Items from a dataset:
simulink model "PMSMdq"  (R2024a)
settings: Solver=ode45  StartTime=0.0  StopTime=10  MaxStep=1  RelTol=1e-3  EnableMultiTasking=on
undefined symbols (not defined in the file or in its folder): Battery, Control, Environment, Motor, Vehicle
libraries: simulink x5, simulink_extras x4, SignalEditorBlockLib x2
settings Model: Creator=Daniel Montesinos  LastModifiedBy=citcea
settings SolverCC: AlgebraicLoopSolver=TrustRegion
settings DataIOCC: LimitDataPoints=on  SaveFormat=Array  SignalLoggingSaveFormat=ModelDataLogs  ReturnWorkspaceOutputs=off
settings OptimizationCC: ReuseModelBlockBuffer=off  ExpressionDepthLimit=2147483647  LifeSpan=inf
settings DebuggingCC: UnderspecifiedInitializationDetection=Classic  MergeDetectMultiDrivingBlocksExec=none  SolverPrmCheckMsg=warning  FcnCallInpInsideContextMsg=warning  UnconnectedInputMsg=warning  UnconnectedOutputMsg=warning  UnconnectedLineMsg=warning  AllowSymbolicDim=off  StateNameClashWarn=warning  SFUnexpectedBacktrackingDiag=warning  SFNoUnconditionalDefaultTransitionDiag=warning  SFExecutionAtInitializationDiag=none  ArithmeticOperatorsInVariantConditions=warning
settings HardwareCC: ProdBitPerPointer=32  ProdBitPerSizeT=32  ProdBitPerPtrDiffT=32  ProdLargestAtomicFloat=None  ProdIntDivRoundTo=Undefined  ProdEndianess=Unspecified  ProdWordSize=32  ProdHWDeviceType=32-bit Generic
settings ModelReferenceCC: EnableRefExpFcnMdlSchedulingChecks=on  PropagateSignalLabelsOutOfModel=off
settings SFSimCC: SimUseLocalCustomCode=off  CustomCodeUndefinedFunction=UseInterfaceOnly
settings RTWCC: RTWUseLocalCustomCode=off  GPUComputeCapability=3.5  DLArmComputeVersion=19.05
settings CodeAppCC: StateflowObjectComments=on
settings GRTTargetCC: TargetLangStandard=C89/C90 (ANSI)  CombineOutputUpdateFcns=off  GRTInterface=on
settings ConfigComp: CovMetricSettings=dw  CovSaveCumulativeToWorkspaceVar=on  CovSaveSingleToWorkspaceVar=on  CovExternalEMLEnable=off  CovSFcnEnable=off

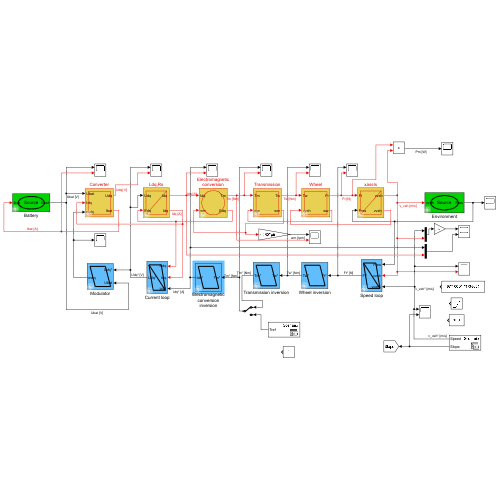
[thumbnail: Simulink's stored preview of the top-level diagram]
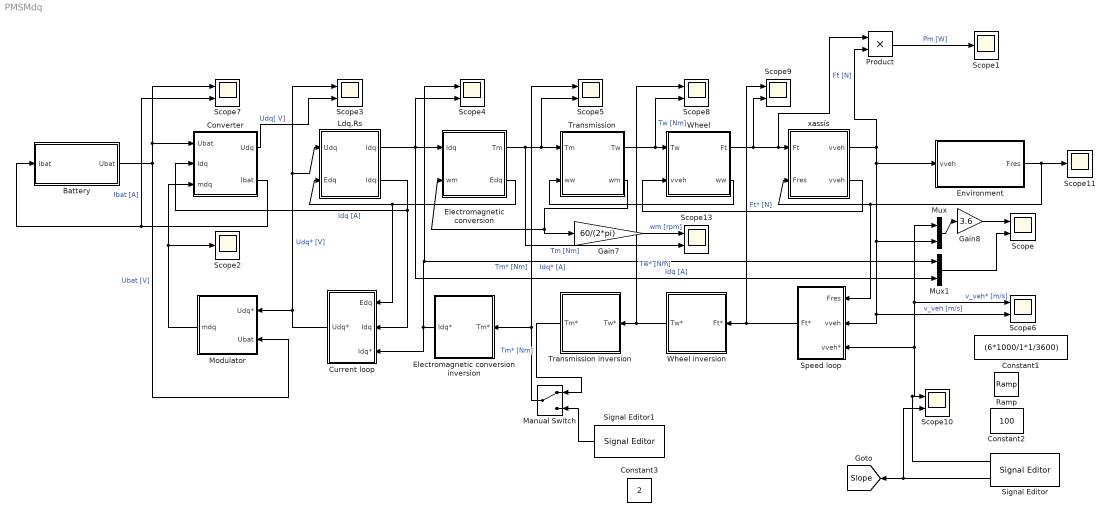
== system PMSMdq ==
  Battery : Subsystem  AncestorBlock=simulink/REM/SE
      mask Display:
      | plot(0,0,100,100, 1.2*[50,57.68,60.77,63.08,64.97,66.58,68,69.26,70.4, 	71.42,72.36,78.28,80,78.28,72.36,71.42,70.4, 	69.26,68,66.58,64.97,63.08,60.77,57.68,50,42.32, 	39.23,36.92,35.03,33.42,32,30.74,29.6,28.58, 	27.64,21.72,20,21.72,27.64,28.58,29.6,30.74,32, 	33.42,35.03,36.92,39.23,42.32,50]-10, 1.2*[20,21,22,23,24,25,26,27,28,29,30,40,50,60,70,71,72, 	73,74,75,76,77,78,79,80,79,78,77,76,75,74,73,72, 	71,70,60,50,40,30,29,28,27,26,25,24,23,22,21,20]-10)
      | disp('Source')
  Constant1 : Constant  Value=(6*1000/1*1/3600)
  Constant2 : Constant  Value=100
  Constant3 : Constant  Value=2
  Converter : Subsystem  AncestorBlock=simulink/REM/EC Elec  mask(Hacheur){}
      mask Display: plot(0,0,100,100,[10,10,90,90,10],[90,10,10,90,90])
  Current loop : Subsystem  AncestorBlock=simulink/SMC/Asservissement Correcteur IP
      mask Display: plot(0,0,100,100, [10,30,90,70,10,90],[90,10,10,90,90,10])
  Electromagnetic conversion : Subsystem  AncestorBlock=simulink/REM/EC EM
      mask Display: plot(0,0,100,100, 1.4*[50,57.68,60.77,63.08,64.97,66.58,68,69.26,70.4, 	71.42,72.36,78.28,80,78.28,72.36,71.42,70.4, 	69.26,68,66.58,64.97,63.08,60.77,57.68,50,42.32, 	39.23,36.92,35.03,33.42,32,30.74,29.6,28.58, 	27.64,21.72,20,21.72,27.64,28.58,29.6,30.74,32, 	33.42,35.03,36.92,39.23,42.32,50]-20, 1.4*[20,21,22,23,24,25,26,27,28,29,30,40,50,60,70,71,72, 	73,74,75,76,77,78,79,80,79,78,77,76,75,74,73,72, 	71,70,60,50,40,30,29,28,27,26,25,24,23,22,21,20]-20)
  Electromagnetic conversion inversion : Subsystem  AncestorBlock=simulink/SMC/Inversion EC avec mesure
      mask Display: plot(0,0,100,100,[10,30,90,70,10],[90,10,10,90,90])
  Environment : Subsystem  AncestorBlock=simulink/REM/SE
      mask Display:
      | plot(0,0,100,100, 1.2*[50,57.68,60.77,63.08,64.97,66.58,68,69.26,70.4, 	71.42,72.36,78.28,80,78.28,72.36,71.42,70.4, 	69.26,68,66.58,64.97,63.08,60.77,57.68,50,42.32, 	39.23,36.92,35.03,33.42,32,30.74,29.6,28.58, 	27.64,21.72,20,21.72,27.64,28.58,29.6,30.74,32, 	33.42,35.03,36.92,39.23,42.32,50]-10, 1.2*[20,21,22,23,24,25,26,27,28,29,30,40,50,60,70,71,72, 	73,74,75,76,77,78,79,80,79,78,77,76,75,74,73,72, 	71,70,60,50,40,30,29,28,27,26,25,24,23,22,21,20]-10)
      | disp('Source')
  Gain7 : Gain  Gain=60/(2*pi)
  Gain8 : Gain  Gain=3.6
  Ldq,Rs : Subsystem  AncestorBlock=simulink/REM/EA  mask(CM){}
      mask Display: plot(0,0,100,100,[10,10,90,90,10],[90,10,10,90,90], [10,90],[10,90])
  Manual Switch : ManualSwitch
  Modulator : Subsystem  AncestorBlock=simulink/SMC/Inversion EC avec mesure
      mask Display: plot(0,0,100,100,[10,30,90,70,10],[90,10,10,90,90])
  Mux : Mux  Inputs=2
  Mux1 : Mux  Inputs=2
  Product : Product
  Ramp : simulink/Sources/Ramp  slope=(3*1000/1*1/3600)/2  start=0  InitialOutput=0
  Scope{,3..10,13} (10 alike) : Scope  NumInputPorts=2
  Scope1 : Scope
  Scope11 : Scope
  Scope2 : Scope
  Signal Editor : SignalEditorBlockLib/Signal Editor  FileName=SpeedRef.mat  ActiveScenario=Scenario  ActiveSignal=Speed  IsBus=off  OutputBusObjectStr=Bus: BusObject  SampleTime=0  Interpolate=off  ZeroCross=off  OutputAfterFinalValue=Setting to zero  Unit=inherit  PreserveSignalName=on  ApplySigPropsToAllScenarios=on  ApplySigPropsToAllSignals=off
  Signal Editor1 : SignalEditorBlockLib/Signal Editor  FileName=Tref.mat  ActiveScenario=Scenario  ActiveSignal=Tref  IsBus=off  OutputBusObjectStr=Bus: BusObject  SampleTime=0  Interpolate=off  ZeroCross=off  OutputAfterFinalValue=Setting to zero  Unit=inherit  PreserveSignalName=on  ApplySigPropsToAllScenarios=on  ApplySigPropsToAllSignals=off
  Speed loop : Subsystem  AncestorBlock=simulink/SMC/Asservissement Correcteur IP
      mask Display: plot(0,0,100,100, [10,30,90,70,10,90],[90,10,10,90,90,10])
  Transmission : Subsystem  AncestorBlock=simulink/REM/EC Elec  mask(Hacheur){}
      mask Display: plot(0,0,100,100,[10,10,90,90,10],[90,10,10,90,90])
  Transmission inversion : Subsystem  AncestorBlock=simulink/SMC/Inversion EC avec mesure
      mask Display: plot(0,0,100,100,[10,30,90,70,10],[90,10,10,90,90])
  Wheel : Subsystem  AncestorBlock=simulink/REM/EC Elec  mask(Hacheur){}
      mask Display: plot(0,0,100,100,[10,10,90,90,10],[90,10,10,90,90])
  Wheel inversion : Subsystem  AncestorBlock=simulink/SMC/Inversion EC avec mesure
      mask Display: plot(0,0,100,100,[10,30,90,70,10],[90,10,10,90,90])
  xassís : Subsystem  AncestorBlock=simulink/REM/EA  mask(CM){}
      mask Display: plot(0,0,100,100,[10,10,90,90,10],[90,10,10,90,90], [10,90],[10,90])
  tag scope: Slope=global
  wires:
  xassís/1(vveh) -> Product/2, Environment/1(vveh), Scope6/2, Speed loop/2(vveh), Mux/2  "v_veh [m/s]"
  Environment/1(Fres) -> Scope11/1, Speed loop/1(Fres), xassís/2(Fres)
  Mux/1 -> Gain8/1
  xassís/2("vveh ") -> Wheel/2(vveh)
  Transmission/1(Tw) -> Scope8/2, Wheel/1(Tw)  "Tw [Nm]"
  Wheel/2(ww) -> Transmission/2(ww)
  Wheel inversion/1(Tw*) -> Scope8/1, Transmission inversion/1(Tw*)  "Tw* [Nm]"
  Transmission/2(wm) -> Electromagnetic conversion/2(wm), Gain7/1
  Electromagnetic conversion/1(Tm) -> Scope13/2, Scope5/2, Transmission/1(Tm)  "Tm [Nm]"
  Ldq,Rs/1("Idq ") -> Scope4/2, Electromagnetic conversion/1(Idq), Mux1/2  "Idq [A]"
  Electromagnetic conversion/2(Edq) -> Current loop/1(Edq), Ldq,Rs/2(Edq)
  Electromagnetic conversion inversion/1(Idq*) -> Scope4/1, Mux1/1, Current loop/3(Idq*)  "Idq* [A]"
  Ldq,Rs/2(Idq) -> Current loop/2(Idq), Converter/2(Idq)  "Idq [A]"
  Manual Switch/1 -> Scope5/1, Electromagnetic conversion inversion/1(Tm*)  "Tm* [Nm]"
  Modulator/1(mdq) -> Converter/3(mdq), Scope2/1
  Converter/2(Ibat) -> Battery/1(Ibat), Scope7/2  "Ibat [A]"
  Battery/1(Ubat) -> Modulator/2(Ubat), Converter/1(Ubat), Scope7/1  "Ubat [V]"
  Speed loop/1(Ft*) -> Scope9/1, Wheel inversion/1(Ft*)  "Ft* [N]"
  Wheel/1(Ft) -> Scope9/2, Product/1, xassís/1(Ft)  "Ft [N]"
  Current loop/1(Udq*) -> Ldq,Rs/1(Udq), Scope3/1, Modulator/1(Udq*)  "Udq* [V]"
  Converter/1(Udq) -> Scope3/2  "Udq[ V]"
  Gain7/1 -> Scope13/1  "wm [rpm]"
  Gain8/1 -> Scope/1
  Mux1/1 -> Scope/2
  Signal Editor/1 -> Speed loop/3(vveh*), Scope6/1, Mux/1, Scope10/1  "v_veh* [m/s]"
  Product/1 -> Scope1/1  "Pm [W]"
  Signal Editor/2 -> Scope10/2, [Slope]
  Signal Editor1/1 -> Manual Switch/2
  Transmission inversion/1(Tm*) -> Manual Switch/1  "Tm* [Nm]"

== system PMSMdq/Battery ==
  Ibat : Inport
  Constant : Constant  Value=Battery.Electrical.Ubat
  Terminator : Terminator
  Ubat : Outport  InitialOutput=0  VectorParamsAs1DForOutWhenUnconnected=off
  wires:
  Ibat/1 -> Terminator/1
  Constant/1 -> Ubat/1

Task details: Please show the lines in the entries above that hold the string "inherit".

Task solution:
  Signal Editor : SignalEditorBlockLib/Signal Editor  FileName=SpeedRef.mat  ActiveScenario=Scenario  ActiveSignal=Speed  IsBus=off  OutputBusObjectStr=Bus: BusObject  SampleTime=0  Interpolate=off  ZeroCross=off  OutputAfterFinalValue=Setting to zero  Unit=inherit  PreserveSignalName=on  ApplySigPropsToAllScenarios=on  ApplySigPropsToAllSignals=off
  Signal Editor1 : SignalEditorBlockLib/Signal Editor  FileName=Tref.mat  ActiveScenario=Scenario  ActiveSignal=Tref  IsBus=off  OutputBusObjectStr=Bus: BusObject  SampleTime=0  Interpolate=off  ZeroCross=off  OutputAfterFinalValue=Setting to zero  Unit=inherit  PreserveSignalName=on  ApplySigPropsToAllScenarios=on  ApplySigPropsToAllSignals=off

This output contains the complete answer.